**THE TASK:** Pull every line with the word "design" out of the entries below.

[Recorded data]
------------------------------
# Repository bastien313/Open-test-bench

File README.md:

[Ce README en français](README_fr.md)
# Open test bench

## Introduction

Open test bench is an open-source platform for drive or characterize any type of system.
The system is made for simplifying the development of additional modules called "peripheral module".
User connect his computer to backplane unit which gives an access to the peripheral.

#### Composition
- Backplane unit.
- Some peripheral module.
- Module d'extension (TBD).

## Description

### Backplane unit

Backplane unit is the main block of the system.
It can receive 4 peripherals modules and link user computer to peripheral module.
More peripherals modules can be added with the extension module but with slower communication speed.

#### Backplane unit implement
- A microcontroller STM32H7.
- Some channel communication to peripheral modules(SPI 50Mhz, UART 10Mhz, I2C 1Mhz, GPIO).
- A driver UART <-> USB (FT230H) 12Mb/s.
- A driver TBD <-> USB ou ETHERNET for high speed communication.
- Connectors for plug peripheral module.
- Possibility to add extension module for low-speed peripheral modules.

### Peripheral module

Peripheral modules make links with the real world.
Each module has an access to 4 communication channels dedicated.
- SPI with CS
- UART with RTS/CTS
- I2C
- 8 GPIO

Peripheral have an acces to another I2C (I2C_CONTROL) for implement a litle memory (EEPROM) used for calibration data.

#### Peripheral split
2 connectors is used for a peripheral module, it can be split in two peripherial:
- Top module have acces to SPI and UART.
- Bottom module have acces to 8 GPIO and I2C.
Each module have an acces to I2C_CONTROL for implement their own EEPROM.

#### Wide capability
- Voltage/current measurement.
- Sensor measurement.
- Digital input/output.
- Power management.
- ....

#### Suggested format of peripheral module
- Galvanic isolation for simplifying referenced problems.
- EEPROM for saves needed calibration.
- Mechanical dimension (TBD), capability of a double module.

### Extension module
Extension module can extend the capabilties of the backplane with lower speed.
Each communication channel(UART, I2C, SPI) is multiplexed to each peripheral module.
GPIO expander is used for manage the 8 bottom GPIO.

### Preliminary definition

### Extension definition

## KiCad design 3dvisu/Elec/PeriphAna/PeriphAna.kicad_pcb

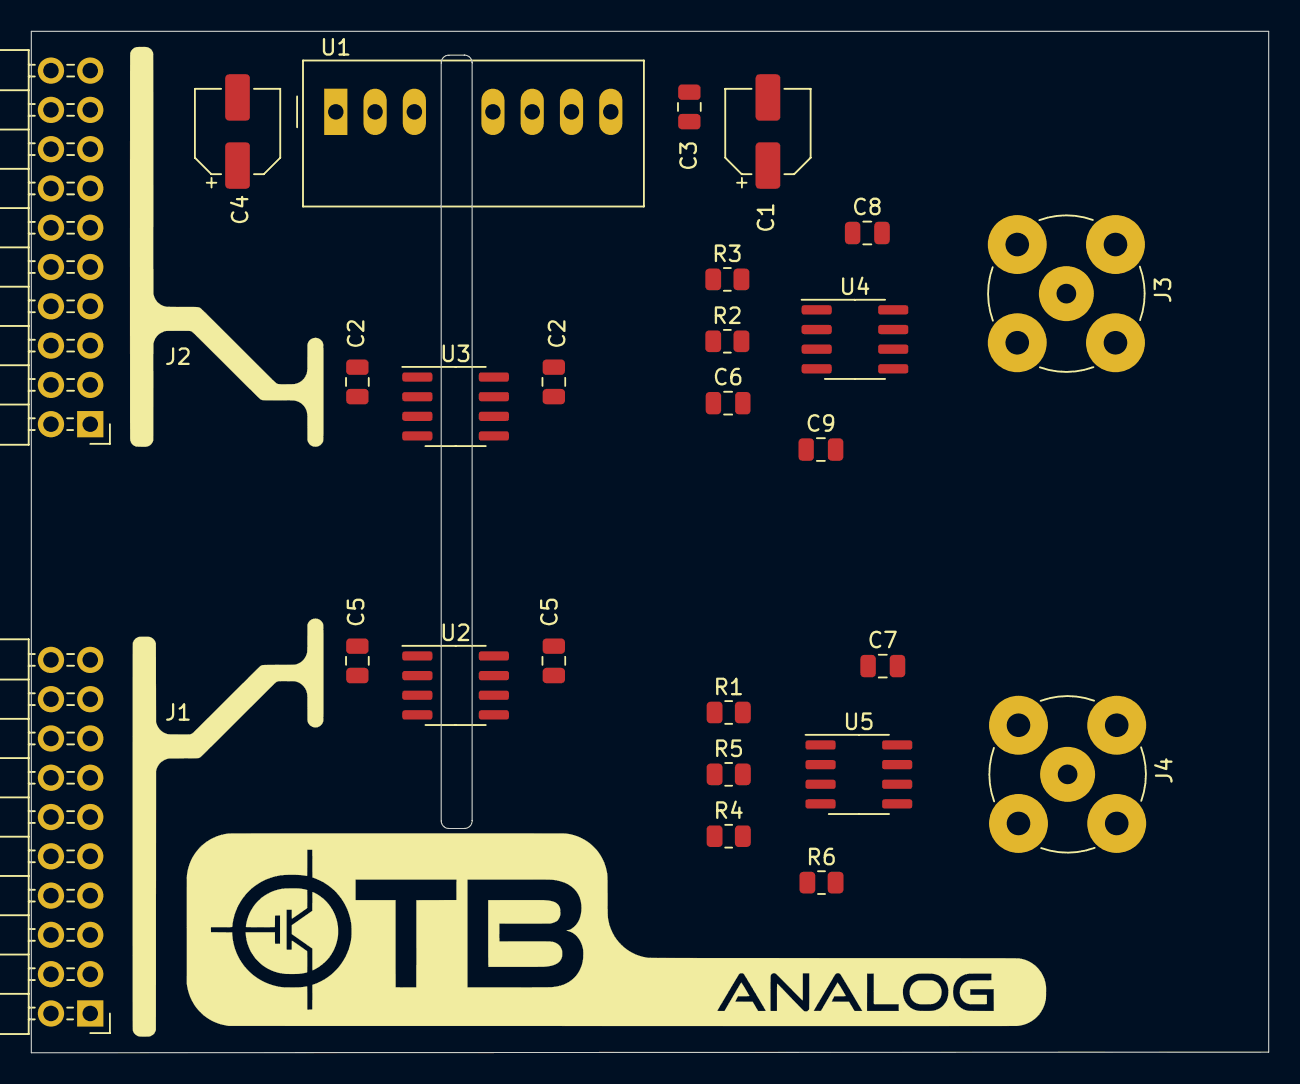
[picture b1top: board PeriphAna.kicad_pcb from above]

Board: 2 copper layers, 80.0 x 66.0 mm, 26 parts (0 on the bottom side), 4 nets, no tracks yet.

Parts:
C1, C4: CP1; CP_Elec_5x5.7
C2, C2#2, C3, C5, C5#2, C6, C7, C8, C9: C; C_0805_2012Metric
J1, J2: Conn_02x10_Counter_Clockwise; PinHeader_2x10_P2.54mm_Horizontal
J3, J4: Conn_Coaxial; BNC_TEConnectivity_1478204_Vertical
R1, R2, R3, R4, R5, R6: R; R_0805_2012Metric
U1: TMR-2412; Converter_DCDC_TRACO_TMR-xxxx_THT
U2, U3: ADuM1200WT; SOIC-8_3.9x4.9mm_P1.27mm
U4, U5: OPA2333xxD; SOIC-8_3.9x4.9mm_P1.27mm

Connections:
unnamed: C2.1, C2#2.1
unnamed: C2.2, C2#2.2
unnamed: C5.1, C5#2.1
unnamed: C5.2, C5#2.2

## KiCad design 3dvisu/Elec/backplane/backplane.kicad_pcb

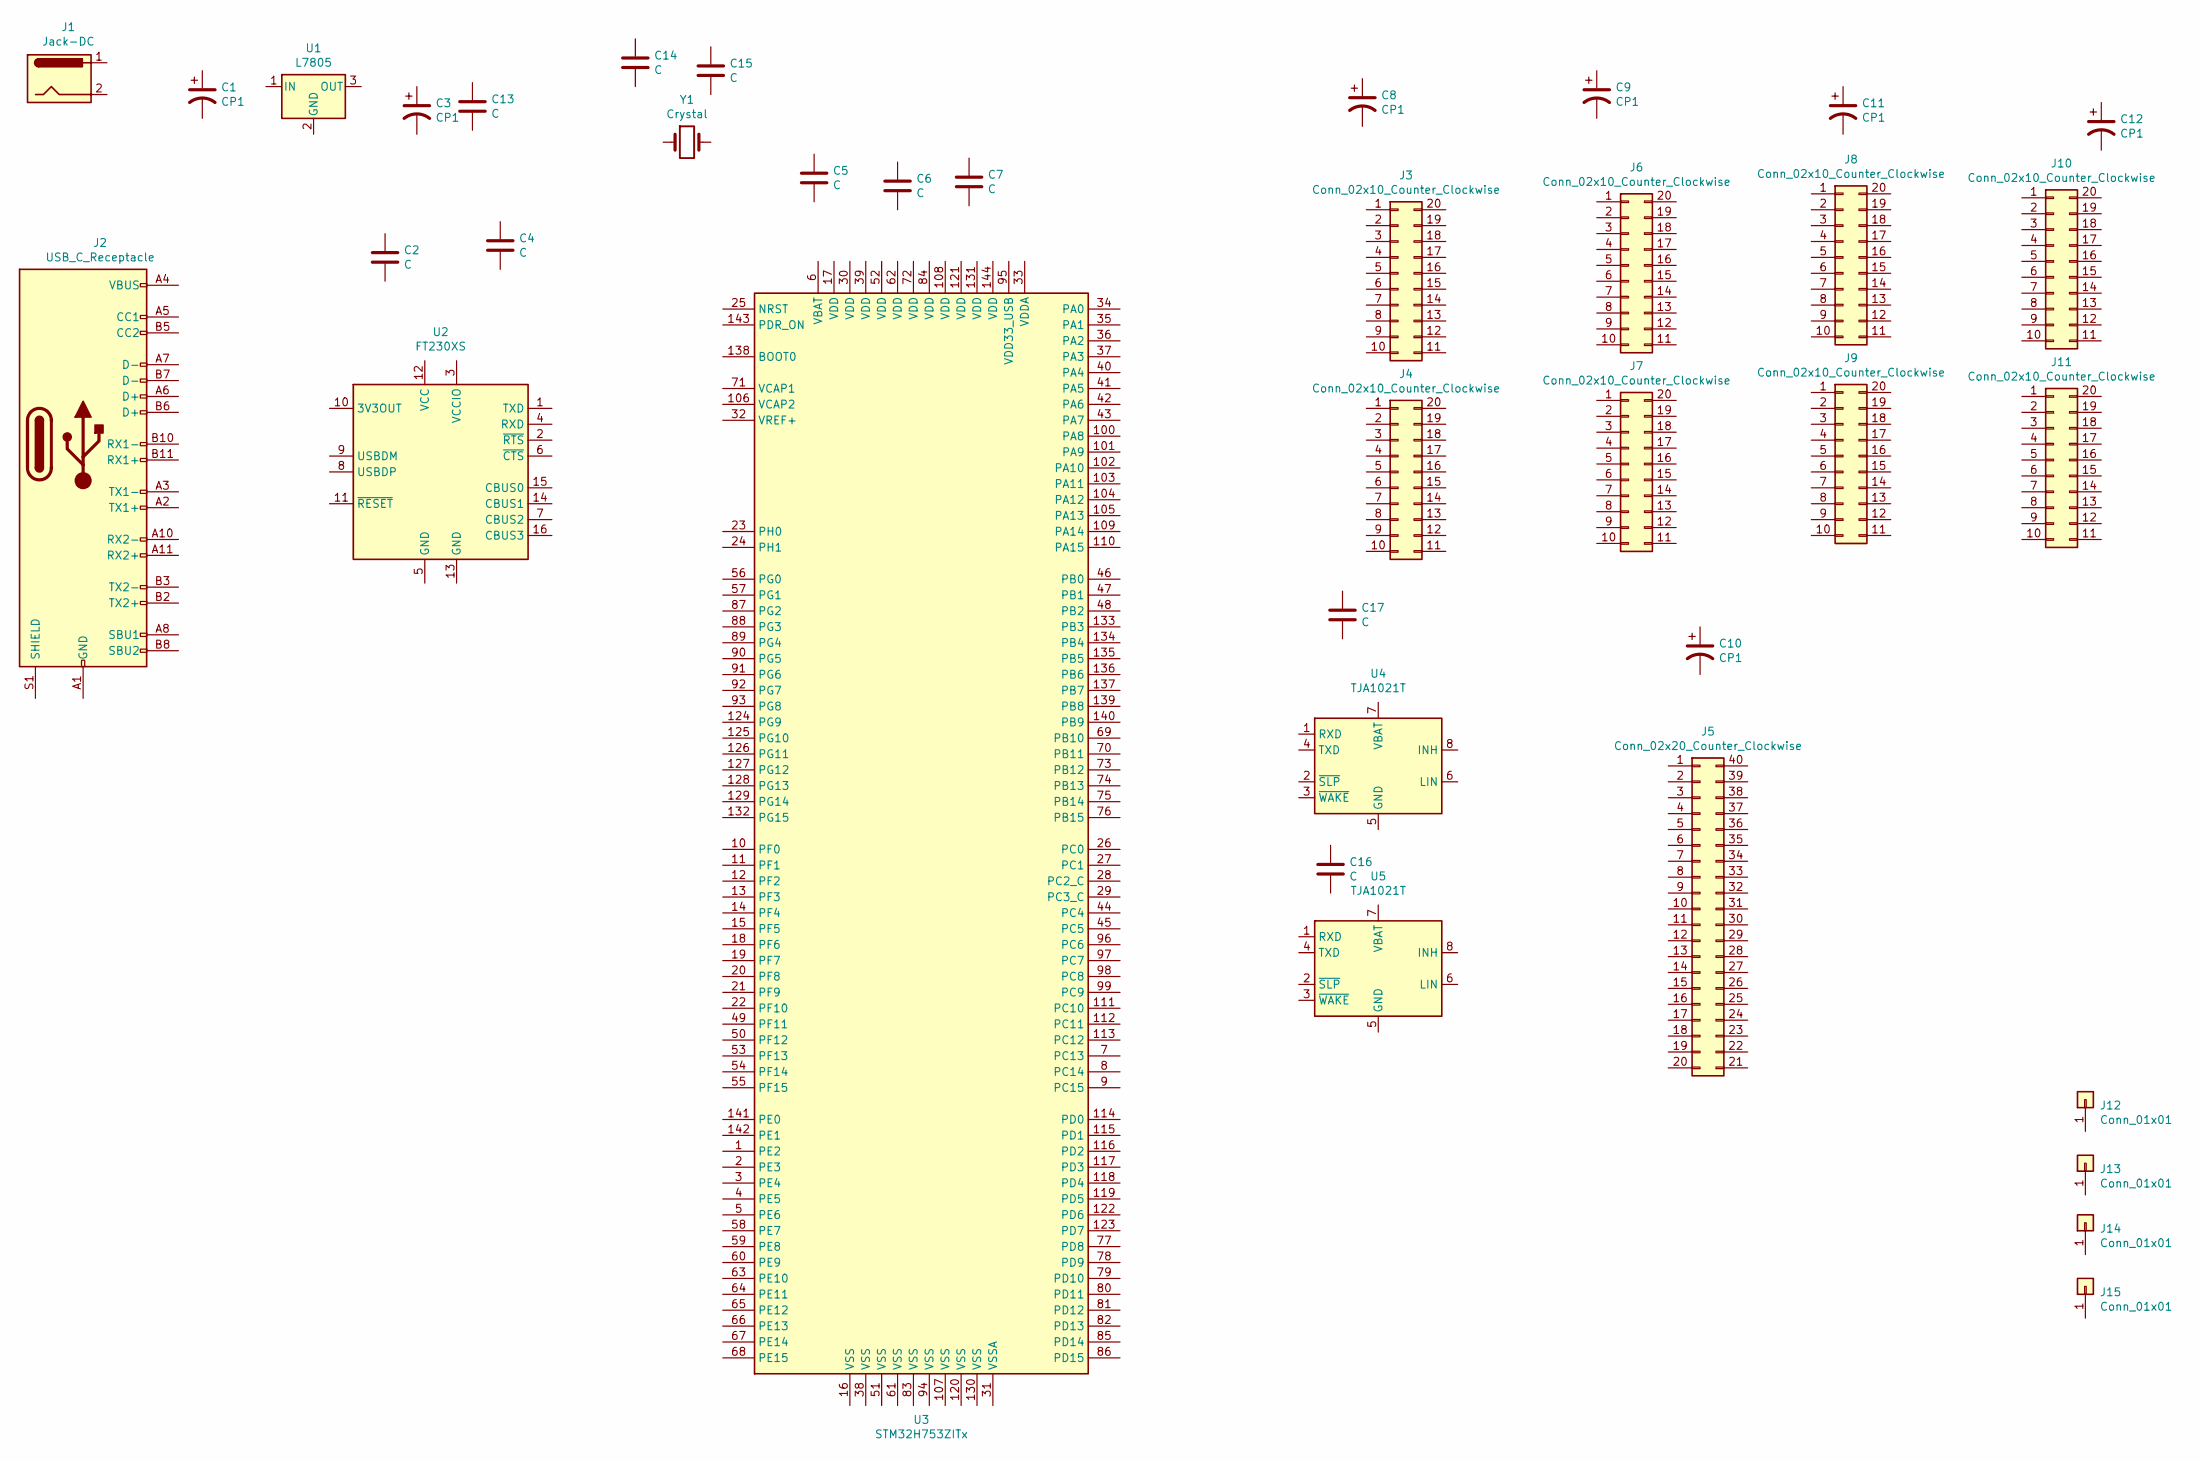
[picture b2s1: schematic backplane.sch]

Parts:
C1, C3, C8, C9, C10, C11, C12: CP1; CP_Elec_6.3x3
C2, C4, C5, C6, C7, C13, C14, C15, C16, C17: C; C_0805_2012Metric
J1: Jack-DC; BarrelJack_CUI_PJ-102AH_Horizontal
J2: USB_C_Receptacle; USB_C_Receptacle_Amphenol_12401548E4-2A
J3, J4, J6, J7, J8, J9, J10, J11: Conn_02x10_Counter_Clockwise; PinSocket_2x10_P2.54mm_Vertical_SMD
J5: Conn_02x20_Counter_Clockwise; PinSocket_2x20_P2.54mm_Horizontal
J12, J13, J14, J15: Conn_01x01; MountingHole_3.2mm_M3_Pad_Via
U1: L7805; TO-252-2_TabPin1
U2: FT230XS; SSOP-16_3.9x4.9mm_P0.635mm
U3: STM32H753ZITx; LQFP-144_20x20mm_P0.5mm
U4, U5: TJA1021T; SOIC-8_3.9x4.9mm_P1.27mm
Y1: Crystal; Crystal_SMD_3225-4Pin_3.2x2.5mm

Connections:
unnamed: J2.A1 (GND), J2.A12 (GND), J2.B1 (GND), J2.B12 (GND)
unnamed: J2.A4 (VBUS), J2.A9 (VBUS), J2.B4 (VBUS), J2.B9 (VBUS)

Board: 2 copper layers, 38 parts (25 on the bottom side), 2 nets, no tracks yet.

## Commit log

2021-04-30 Create LICENSE
2021-04-30 Start prelim def
2021-05-01 Maj definition
2021-05-02 backplane on going
2021-05-06 render made
2021-05-16 assignation connecteur
2021-05-24 Choixe uC + start assign
2021-05-24 choice uC + assign
2021-05-26 stm32h7 symbol made
2021-05-26 stm32h7 symbol made+lib
2021-05-27 assign uC OK
2021-06-01 Switch stm32h725 to stm32h723
2021-06-01 Update def
2021-06-01 Extend definition
2021-06-01 Extend definition2
2021-06-01 ethernet start
2021-06-01 eth on goign
2021-08-31 ajout ft232h
2021-09-20 schematic presque ok
------------------------------
**ANSWER SPACE:**
## KiCad design 3dvisu/Elec/PeriphAna/PeriphAna.kicad_pcb
## KiCad design 3dvisu/Elec/backplane/backplane.kicad_pcb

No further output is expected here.